Try it :: Return the lines of the data below in which the string "lineart" occurs.

Dataset records
________________________________________
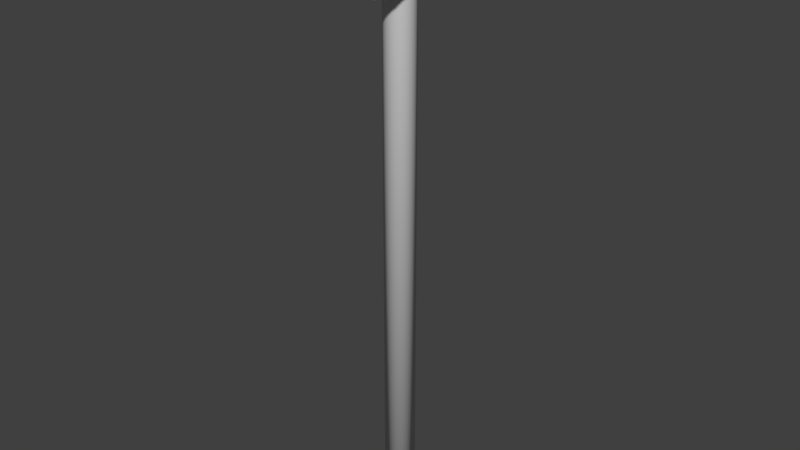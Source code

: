 # Source: Sledge.blend  (saved by Blender 2.79.0; exported with 4.5.12 LTS)
import bpy
from mathutils import Matrix  # noqa: F401  (used for matrix-valued properties, if any)

bpy.ops.wm.read_factory_settings(use_empty=True)
scene = bpy.context.scene
scene.name = 'Scene'

# ---- collections
col_collection_1 = bpy.data.collections.new('Collection 1'); scene.collection.children.link(col_collection_1)

# ---- world
world_world = bpy.data.worlds.new('World'); scene.world = world_world
world_world.color = (0.05088, 0.05088, 0.05088)
world_world.use_sun_shadow = False
world_world.sun_shadow_jitter_overblur = 0.0
world_world.cycles.sampling_method = 'MANUAL'

# ---- meshes
me_cylinder_002 = bpy.data.meshes.new('Cylinder.002')
me_cylinder_002.from_pydata([(0.0, 1.0, -1.788e-07), (0.0, 1.0, 34.1), (0.1951, 0.9808, -1.788e-07), (0.1951, 0.9808, 34.1), (0.3827, 0.9239, -1.788e-07), (0.3827, 0.9239, 34.1), (0.5556, 0.8315, -1.788e-07), (0.5556, 0.8315, 34.1), (0.7071, 0.7071, -1.788e-07), (0.7071, 0.7071, 34.1), (0.8315, 0.5556, -1.788e-07), (0.8315, 0.5556, 34.1), (0.9239, 0.3827, -1.788e-07), (0.9239, 0.3827, 34.1), (0.9808, 0.1951, -1.788e-07), (0.9808, 0.1951, 34.1), (1.0, 7.55e-08, -1.788e-07), (1.0, 7.55e-08, 34.1), (0.9808, -0.1951, -1.788e-07), (0.9808, -0.1951, 34.1), (0.9239, -0.3827, -1.788e-07), (0.9239, -0.3827, 34.1), (0.8315, -0.5556, -1.788e-07), (0.8315, -0.5556, 34.1), (0.7071, -0.7071, -1.788e-07), (0.7071, -0.7071, 34.1), (0.5556, -0.8315, -1.788e-07), (0.5556, -0.8315, 34.1), (0.3827, -0.9239, -1.788e-07), (0.3827, -0.9239, 34.1), (0.1951, -0.9808, -1.788e-07), (0.1951, -0.9808, 34.1), (-3.258e-07, -1.0, -1.788e-07), (-3.258e-07, -1.0, 34.1), (-0.1951, -0.9808, -1.788e-07), (-0.1951, -0.9808, 34.1), (-0.3827, -0.9239, -1.788e-07), (-0.3827, -0.9239, 34.1), (-0.5556, -0.8315, -1.788e-07), (-0.5556, -0.8315, 34.1), (-0.7071, -0.7071, -1.788e-07), (-0.7071, -0.7071, 34.1), (-0.8315, -0.5556, -1.788e-07), (-0.8315, -0.5556, 34.1), (-0.9239, -0.3827, -1.788e-07), (-0.9239, -0.3827, 34.1), (-0.9808, -0.1951, -1.788e-07), (-0.9808, -0.1951, 34.1), (-1.0, 9.656e-07, -1.788e-07), (-1.0, 9.656e-07, 34.1), (-0.9808, 0.1951, -1.788e-07), (-0.9808, 0.1951, 34.1), (-0.9239, 0.3827, -1.788e-07), (-0.9239, 0.3827, 34.1), (-0.8315, 0.5556, -1.788e-07), (-0.8315, 0.5556, 34.1), (-0.7071, 0.7071, -1.788e-07), (-0.7071, 0.7071, 34.1), (-0.5556, 0.8315, -1.788e-07), (-0.5556, 0.8315, 34.1), (-0.3827, 0.9239, -1.788e-07), (-0.3827, 0.9239, 34.1), (-0.1951, 0.9808, -1.788e-07), (-0.1951, 0.9808, 34.1), (-2.491e-08, 1.21, 34.42), (0.236, 1.187, 34.42), (0.463, 1.118, 34.42), (0.6721, 1.006, 34.42), (0.8554, 0.8554, 34.42), (1.006, 0.6721, 34.42), (1.118, 0.463, 34.42), (1.187, 0.236, 34.42), (1.21, 3.155e-08, 34.42), (1.187, -0.236, 34.42), (1.118, -0.463, 34.42), (1.006, -0.6721, 34.42), (0.8554, -0.8554, 34.42), (0.6721, -1.006, 34.42), (0.463, -1.118, 34.42), (0.236, -1.187, 34.42), (-4.191e-07, -1.21, 34.42), (-0.236, -1.187, 34.42), (-0.463, -1.118, 34.42), (-0.6721, -1.006, 34.42), (-0.8554, -0.8554, 34.42), (-1.006, -0.6721, 34.42), (-1.118, -0.463, 34.42), (-1.187, -0.236, 34.42), (-1.21, 1.108e-06, 34.42), (-1.187, 0.236, 34.42), (-1.118, 0.463, 34.42), (-1.006, 0.6721, 34.42), (-0.8554, 0.8554, 34.42), (-0.6721, 1.006, 34.42), (-0.463, 1.118, 34.42), (-0.236, 1.187, 34.42), (-1.932e-07, 1.55, 34.67), (0.3025, 1.521, 34.67), (0.5933, 1.432, 34.67), (0.8614, 1.289, 34.67), (1.096, 1.096, 34.67), (1.289, 0.8614, 34.67), (1.432, 0.5933, 34.67), (1.521, 0.3025, 34.67), (1.55, -4.138e-08, 34.67), (1.521, -0.3025, 34.67), (1.432, -0.5933, 34.67), (1.289, -0.8614, 34.67), (1.096, -1.096, 34.67), (0.8614, -1.289, 34.67), (0.5933, -1.432, 34.67), (0.3025, -1.521, 34.67), (-6.984e-07, -1.55, 34.67), (-0.3025, -1.521, 34.67), (-0.5933, -1.432, 34.67), (-0.8614, -1.289, 34.67), (-1.096, -1.096, 34.67), (-1.289, -0.8614, 34.67), (-1.432, -0.5933, 34.67), (-1.521, -0.3025, 34.67), (-1.55, 1.339e-06, 34.67), (-1.521, 0.3025, 34.67), (-1.432, 0.5933, 34.67), (-1.289, 0.8614, 34.67), (-1.096, 1.096, 34.67), (-0.8614, 1.289, 34.67), (-0.5933, 1.432, 34.67), (-0.3025, 1.521, 34.67), (-1.446e-08, 1.413, 35.1), (0.2758, 1.386, 35.1), (0.5409, 1.306, 35.1), (0.7853, 1.175, 35.1), (0.9995, 0.9995, 35.1), (1.175, 0.7853, 35.1), (1.306, 0.5409, 35.1), (1.386, 0.2758, 35.1), (1.413, -9.427e-09, 35.1), (1.386, -0.2758, 35.1), (1.306, -0.5409, 35.1), (1.175, -0.7853, 35.1), (0.9995, -0.9995, 35.1), (0.7853, -1.175, 35.1), (0.5409, -1.306, 35.1), (0.2758, -1.386, 35.1), (-4.75e-07, -1.413, 35.1), (-0.2758, -1.386, 35.1), (-0.5409, -1.306, 35.1), (-0.7853, -1.175, 35.1), (-0.9995, -0.9995, 35.1), (-1.175, -0.7853, 35.1), (-1.306, -0.5409, 35.1), (-1.386, -0.2758, 35.1), (-1.413, 1.249e-06, 35.1), (-1.386, 0.2758, 35.1), (-1.306, 0.5409, 35.1), (-1.175, 0.7853, 35.1), (-0.9995, 0.9995, 35.1), (-0.7853, 1.175, 35.1), (-0.5409, 1.306, 35.1), (-0.2758, 1.386, 35.1)], [], [(0, 1, 3, 2), (2, 3, 5, 4), (4, 5, 7, 6), (6, 7, 9, 8), (8, 9, 11, 10), (10, 11, 13, 12), (12, 13, 15, 14), (14, 15, 17, 16), (16, 17, 19, 18), (18, 19, 21, 20), (20, 21, 23, 22), (22, 23, 25, 24), (24, 25, 27, 26), (26, 27, 29, 28), (28, 29, 31, 30), (30, 31, 33, 32), (32, 33, 35, 34), (34, 35, 37, 36), (36, 37, 39, 38), (38, 39, 41, 40), (40, 41, 43, 42), (42, 43, 45, 44), (44, 45, 47, 46), (46, 47, 49, 48), (48, 49, 51, 50), (50, 51, 53, 52), (52, 53, 55, 54), (54, 55, 57, 56), (56, 57, 59, 58), (58, 59, 61, 60), (33, 31, 79, 80), (60, 61, 63, 62), (62, 63, 1, 0), (0, 2, 4, 6, 8, 10, 12, 14, 16, 18, 20, 22, 24, 26, 28, 30, 32, 34, 36, 38, 40, 42, 44, 46, 48, 50, 52, 54, 56, 58, 60, 62), (83, 82, 114, 115), (51, 49, 88, 89), (7, 5, 66, 67), (25, 23, 75, 76), (43, 41, 84, 85), (61, 59, 93, 94), (17, 15, 71, 72), (35, 33, 80, 81), (53, 51, 89, 90), (9, 7, 67, 68), (27, 25, 76, 77), (45, 43, 85, 86), (63, 61, 94, 95), (19, 17, 72, 73), (37, 35, 81, 82), (55, 53, 90, 91), (11, 9, 68, 69), (29, 27, 77, 78), (47, 45, 86, 87), (3, 1, 64, 65), (1, 63, 95, 64), (21, 19, 73, 74), (39, 37, 82, 83), (57, 55, 91, 92), (13, 11, 69, 70), (31, 29, 78, 79), (49, 47, 87, 88), (5, 3, 65, 66), (23, 21, 74, 75), (41, 39, 83, 84), (59, 57, 92, 93), (15, 13, 70, 71), (113, 112, 144, 145), (70, 69, 101, 102), (84, 83, 115, 116), (71, 70, 102, 103), (85, 84, 116, 117), (72, 71, 103, 104), (86, 85, 117, 118), (73, 72, 104, 105), (87, 86, 118, 119), (74, 73, 105, 106), (88, 87, 119, 120), (75, 74, 106, 107), (89, 88, 120, 121), (76, 75, 107, 108), (90, 89, 121, 122), (77, 76, 108, 109), (91, 90, 122, 123), (78, 77, 109, 110), (65, 64, 96, 97), (92, 91, 123, 124), (79, 78, 110, 111), (66, 65, 97, 98), (93, 92, 124, 125), (80, 79, 111, 112), (67, 66, 98, 99), (94, 93, 125, 126), (81, 80, 112, 113), (68, 67, 99, 100), (95, 94, 126, 127), (82, 81, 113, 114), (69, 68, 100, 101), (64, 95, 127, 96), (129, 128, 159, 158, 157, 156, 155, 154, 153, 152, 151, 150, 149, 148, 147, 146, 145, 144, 143, 142, 141, 140, 139, 138, 137, 136, 135, 134, 133, 132, 131, 130), (100, 99, 131, 132), (127, 126, 158, 159), (114, 113, 145, 146), (101, 100, 132, 133), (96, 127, 159, 128), (115, 114, 146, 147), (102, 101, 133, 134), (116, 115, 147, 148), (103, 102, 134, 135), (117, 116, 148, 149), (104, 103, 135, 136), (118, 117, 149, 150), (105, 104, 136, 137), (119, 118, 150, 151), (106, 105, 137, 138), (120, 119, 151, 152), (107, 106, 138, 139), (121, 120, 152, 153), (108, 107, 139, 140), (122, 121, 153, 154), (109, 108, 140, 141), (123, 122, 154, 155), (110, 109, 141, 142), (97, 96, 128, 129), (124, 123, 155, 156), (111, 110, 142, 143), (98, 97, 129, 130), (125, 124, 156, 157), (112, 111, 143, 144), (99, 98, 130, 131), (126, 125, 157, 158)])
me_cylinder_002.polygons.foreach_set('use_smooth', [True] * 130)
me_cylinder_002.use_remesh_preserve_volume = False
me_cylinder_002.use_remesh_preserve_attributes = False
me_cylinder_002.use_mirror_vertex_groups = False
me_cylinder_002.update()
me_cylinder_001 = bpy.data.meshes.new('Cylinder.001')
me_cylinder_001.from_pydata([(-0.7071, 0.7071, -1.314), (-0.7071, 0.7071, 1.314), (4.768e-07, 1.0, 1.314), (4.768e-07, 1.0, -1.314), (0.0, 0.7015, -1.59), (-0.4961, 0.4961, -1.59), (-1.0, 9.537e-07, -1.314), (-1.0, 9.537e-07, 1.314), (-0.4961, 0.4961, 1.59), (0.0, 0.7015, 1.59), (0.7071, 0.7071, 1.314), (0.7071, 0.7071, -1.314), (-0.7015, 0.0, -1.59), (0.4961, 0.4961, -1.59), (0.7015, 0.0, -1.59), (0.4961, -0.4961, -1.59), (4.768e-07, -0.7015, -1.59), (-0.4961, -0.4961, -1.59), (-0.7071, -0.7071, -1.314), (-0.7071, -0.7071, -0.4386), (-0.7317, -0.6477, -0.4787), (-0.7439, -0.6182, -0.4507), (-0.7777, -0.5366, -0.3429), (-0.8015, -0.4792, -0.2308), (-0.8156, -0.4452, -0.116), (-0.8203, -0.4339, -4.922e-07), (-0.8156, -0.4452, 0.116), (-0.8015, -0.4792, 0.2308), (-0.7777, -0.5366, 0.3429), (-0.7439, -0.6182, 0.4507), (-0.7317, -0.6477, 0.4787), (-0.7071, -0.7071, 0.4386), (-0.7071, -0.7071, 1.314), (-0.7015, 0.0, 1.59), (0.4961, 0.4961, 1.59), (-0.4961, -0.4961, 1.59), (4.768e-07, -0.7015, 1.59), (0.4961, -0.4961, 1.59), (0.7015, 0.0, 1.59), (1.0, -9.537e-07, 1.314), (1.0, -9.537e-07, -1.314), (0.7071, -0.7071, -1.314), (0.0, -1.0, -1.314), (0.0, -1.0, -0.4386), (-0.05348, -0.9778, -0.4861), (-0.1469, -0.9392, -0.5401), (-0.2482, -0.8972, -0.5734), (-0.3536, -0.8536, -0.5846), (-0.4589, -0.8099, -0.5734), (-0.5602, -0.7679, -0.5401), (-0.6536, -0.7293, -0.4861), (0.0, -1.0, 0.4386), (0.0, -1.0, 1.314), (-0.6536, -0.7293, 0.4861), (-0.5602, -0.7679, 0.5401), (-0.4589, -0.8099, 0.5734), (-0.3536, -0.8536, 0.5846), (-0.2482, -0.8972, 0.5734), (-0.1469, -0.9392, 0.5401), (-0.05348, -0.9778, 0.4861), (0.7071, -0.7071, 1.314), (0.05936, -0.9754, 0.4787), (0.08892, -0.9632, 0.4507), (0.1705, -0.9294, 0.3429), (0.2279, -0.9056, 0.2308), (0.2619, -0.8915, 0.116), (0.2732, -0.8869, 3.289e-08), (0.2619, -0.8915, -0.116), (0.2279, -0.9056, -0.2308), (0.1705, -0.9294, -0.3429), (0.08892, -0.9632, -0.4507), (0.05936, -0.9754, -0.4787), (-0.6671, -0.6745, 0.5361), (-0.5641, -0.7172, 0.5957), (-0.4524, -0.7634, 0.6324), (-0.5706, -0.5242, 0.4887), (-0.4767, -0.5631, 0.5431), (-0.3362, -0.8116, 0.6448), (-0.3748, -0.6053, 0.5765), (-0.6529, -0.4901, 0.4156), (-0.163, -0.6931, -0.5765), (-0.06107, -0.7353, -0.5431), (0.03281, -0.7741, -0.4887), (0.1151, -0.8082, -0.4156), (0.1826, -0.8362, -0.3266), (0.2328, -0.857, -0.2249), (0.2637, -0.8698, -0.1147), (0.2742, -0.8741, 3.149e-08), (0.2637, -0.8698, 0.1147), (0.2328, -0.857, 0.2249), (0.1826, -0.8362, 0.3266), (0.1151, -0.8082, 0.4156), (0.03281, -0.7741, 0.4887), (-0.06107, -0.7353, 0.5431), (-0.163, -0.6931, 0.5765), (-0.2689, -0.6492, 0.5878), (-0.7204, -0.4621, 0.3266), (-0.7706, -0.4414, 0.2249), (-0.8015, -0.4286, 0.1147), (-0.812, -0.4242, -4.901e-07), (-0.8015, -0.4286, -0.1147), (-0.7706, -0.4414, -0.2249), (-0.7204, -0.4621, -0.3266), (-0.6529, -0.4901, -0.4156), (-0.5706, -0.5242, -0.4887), (-0.4767, -0.5631, -0.5431), (-0.3748, -0.6053, -0.5765), (-0.2689, -0.6492, -0.5878), (-0.22, -0.8597, 0.6324), (-0.1082, -0.906, -0.5957), (-0.22, -0.8597, -0.6324), (-0.3362, -0.8116, -0.6448), (-0.4524, -0.7634, -0.6324), (-0.5641, -0.7172, -0.5957), (-0.6671, -0.6745, -0.5361), (-0.1082, -0.906, 0.5957), (-0.00522, -0.9487, 0.5361), (-0.00522, -0.9487, -0.5361)], [], [(0, 1, 2, 3), (0, 3, 4, 5), (6, 7, 1, 0), (2, 1, 8, 9), (3, 2, 10, 11), (6, 0, 5, 12), (3, 11, 13, 4), (4, 13, 14, 15, 16, 17, 12, 5), (18, 19, 20, 21, 22, 23, 24, 25, 26, 27, 28, 29, 30, 31, 32, 7, 6), (1, 7, 33, 8), (10, 2, 9, 34), (34, 9, 8, 33, 35, 36, 37, 38), (11, 10, 39, 40), (18, 6, 12, 17), (11, 40, 14, 13), (40, 41, 15, 14), (41, 42, 16, 15), (42, 18, 17, 16), (42, 43, 44, 45, 46, 47, 48, 49, 50, 19, 18), (51, 52, 32, 31, 53, 54, 55, 56, 57, 58, 59), (7, 32, 35, 33), (39, 10, 34, 38), (32, 52, 36, 35), (52, 60, 37, 36), (60, 39, 38, 37), (40, 39, 60, 41), (41, 60, 52, 51, 61, 62, 63, 64, 65, 66, 67, 68, 69, 70, 71, 43, 42), (54, 53, 72, 73), (55, 54, 73, 74), (72, 75, 76, 73), (53, 31, 30, 72), (56, 55, 74, 77), (73, 76, 78, 74), (30, 29, 79, 75, 72), (80, 81, 82, 83, 84, 85, 86, 87, 88, 89, 90, 91, 92, 93, 94, 95, 78, 76, 75, 79, 96, 97, 98, 99, 100, 101, 102, 103, 104, 105, 106, 107), (57, 56, 77, 108), (74, 78, 95, 77), (29, 28, 96, 79), (109, 81, 80, 110), (110, 80, 107, 111), (111, 107, 106, 112), (112, 106, 105, 113), (113, 105, 104, 114), (21, 20, 114, 104, 103), (22, 21, 103, 102), (23, 22, 102, 101), (24, 23, 101, 100), (25, 24, 100, 99), (26, 25, 99, 98), (27, 26, 98, 97), (28, 27, 97, 96), (77, 95, 94, 108), (108, 94, 93, 115), (115, 93, 92, 116), (62, 61, 116, 92, 91), (63, 62, 91, 90), (64, 63, 90, 89), (65, 64, 89, 88), (66, 65, 88, 87), (67, 66, 87, 86), (68, 67, 86, 85), (69, 68, 85, 84), (70, 69, 84, 83), (71, 70, 83, 82, 117), (117, 82, 81, 109), (58, 57, 108, 115), (46, 45, 109, 110), (47, 46, 110, 111), (48, 47, 111, 112), (49, 48, 112, 113), (50, 49, 113, 114), (20, 19, 50, 114), (59, 58, 115, 116), (61, 51, 59, 116), (44, 43, 71, 117), (45, 44, 117, 109)])
me_cylinder_001.polygons.foreach_set('use_smooth', [0, 0, 0, 0, 0, 0, 0, 0, 0, 0, 0, 0, 0, 0, 0, 0, 0, 0, 0, 0, 0, 0, 0, 0, 0, 0, 0, 1, 1, 1, 1, 1, 1, 1, 1, 1, 1, 1, 1, 1, 1, 1, 1, 1, 1, 1, 1, 1, 1, 1, 1, 1, 1, 1, 1, 1, 1, 1, 1, 1, 1, 1, 1, 1, 1, 1, 1, 1, 1, 1, 1, 1, 1, 1, 1, 1])
me_cylinder_001.use_remesh_preserve_volume = False
me_cylinder_001.use_remesh_preserve_attributes = False
me_cylinder_001.use_mirror_vertex_groups = False
me_cylinder_001.update()

# ---- objects
ob_cylinder = bpy.data.objects.new('Cylinder', me_cylinder_002)
ob_cylinder_001 = bpy.data.objects.new('Cylinder.001', me_cylinder_001)

# ---- transforms, parenting, visibility, modifiers, constraints
ob_cylinder.location = (0.0, 0.0, 0.0)
ob_cylinder.scale = (0.1, 0.1, 0.1)
ob_cylinder.lineart.crease_threshold = 0.0
ob_cylinder_001.location = (0.0, 0.0, 3.679)
ob_cylinder_001.rotation_euler = (1.571, -0.3927, -1.811e-08)
ob_cylinder_001.scale = (0.2405, 0.2405, 0.2405)
ob_cylinder_001.lineart.crease_threshold = 0.0

# ---- collection membership
col_collection_1.objects.link(ob_cylinder)
col_collection_1.objects.link(ob_cylinder_001)

# ---- scene / render settings (as saved in the file)
scene.frame_start = 1; scene.frame_end = 250; scene.frame_set(1)
scene.render.engine = 'BLENDER_EEVEE_NEXT'
scene.render.resolution_percentage = 50
scene.render.dither_intensity = 0.0
scene.cycles.use_denoising = False
scene.cycles.samples = 128
scene.cycles.sampling_pattern = 'TABULATED_SOBOL'
scene.cycles.use_adaptive_sampling = False
scene.cycles.use_light_tree = False
scene.cycles.blur_glossy = 0.0
scene.cycles.sample_clamp_indirect = 0.0
scene.view_settings.view_transform = 'Standard'
bpy.context.view_layer.update()

# ---- added for rendering (the .blend has no active camera and no usable light): camera, sun
cam_auto = bpy.data.cameras.new('AutoCamera')
cam_auto.lens = 50.0
cam_auto.sensor_width = 36.0
cam_auto.clip_end = 1000.0
ob_auto_camera = bpy.data.objects.new('AutoCamera', cam_auto)
scene.collection.objects.link(ob_auto_camera)
ob_auto_camera.location = (3.80604, -4.56725, 5.04124)
ob_auto_camera.rotation_euler = (1.09748, -7.21219e-08, 0.694738)
scene.camera = ob_auto_camera
light_auto_sun = bpy.data.lights.new('AutoSun', 'SUN')
light_auto_sun.energy = 3.0
light_auto_sun.angle = 0.0523599
ob_auto_sun = bpy.data.objects.new('AutoSun', light_auto_sun)
scene.collection.objects.link(ob_auto_sun)
ob_auto_sun.rotation_euler = (0.872665, 0.174533, 0.523599)
bpy.context.view_layer.update()
________________________________________
Exercise solution ::
ob_cylinder.lineart.crease_threshold = 0.0
ob_cylinder_001.lineart.crease_threshold = 0.0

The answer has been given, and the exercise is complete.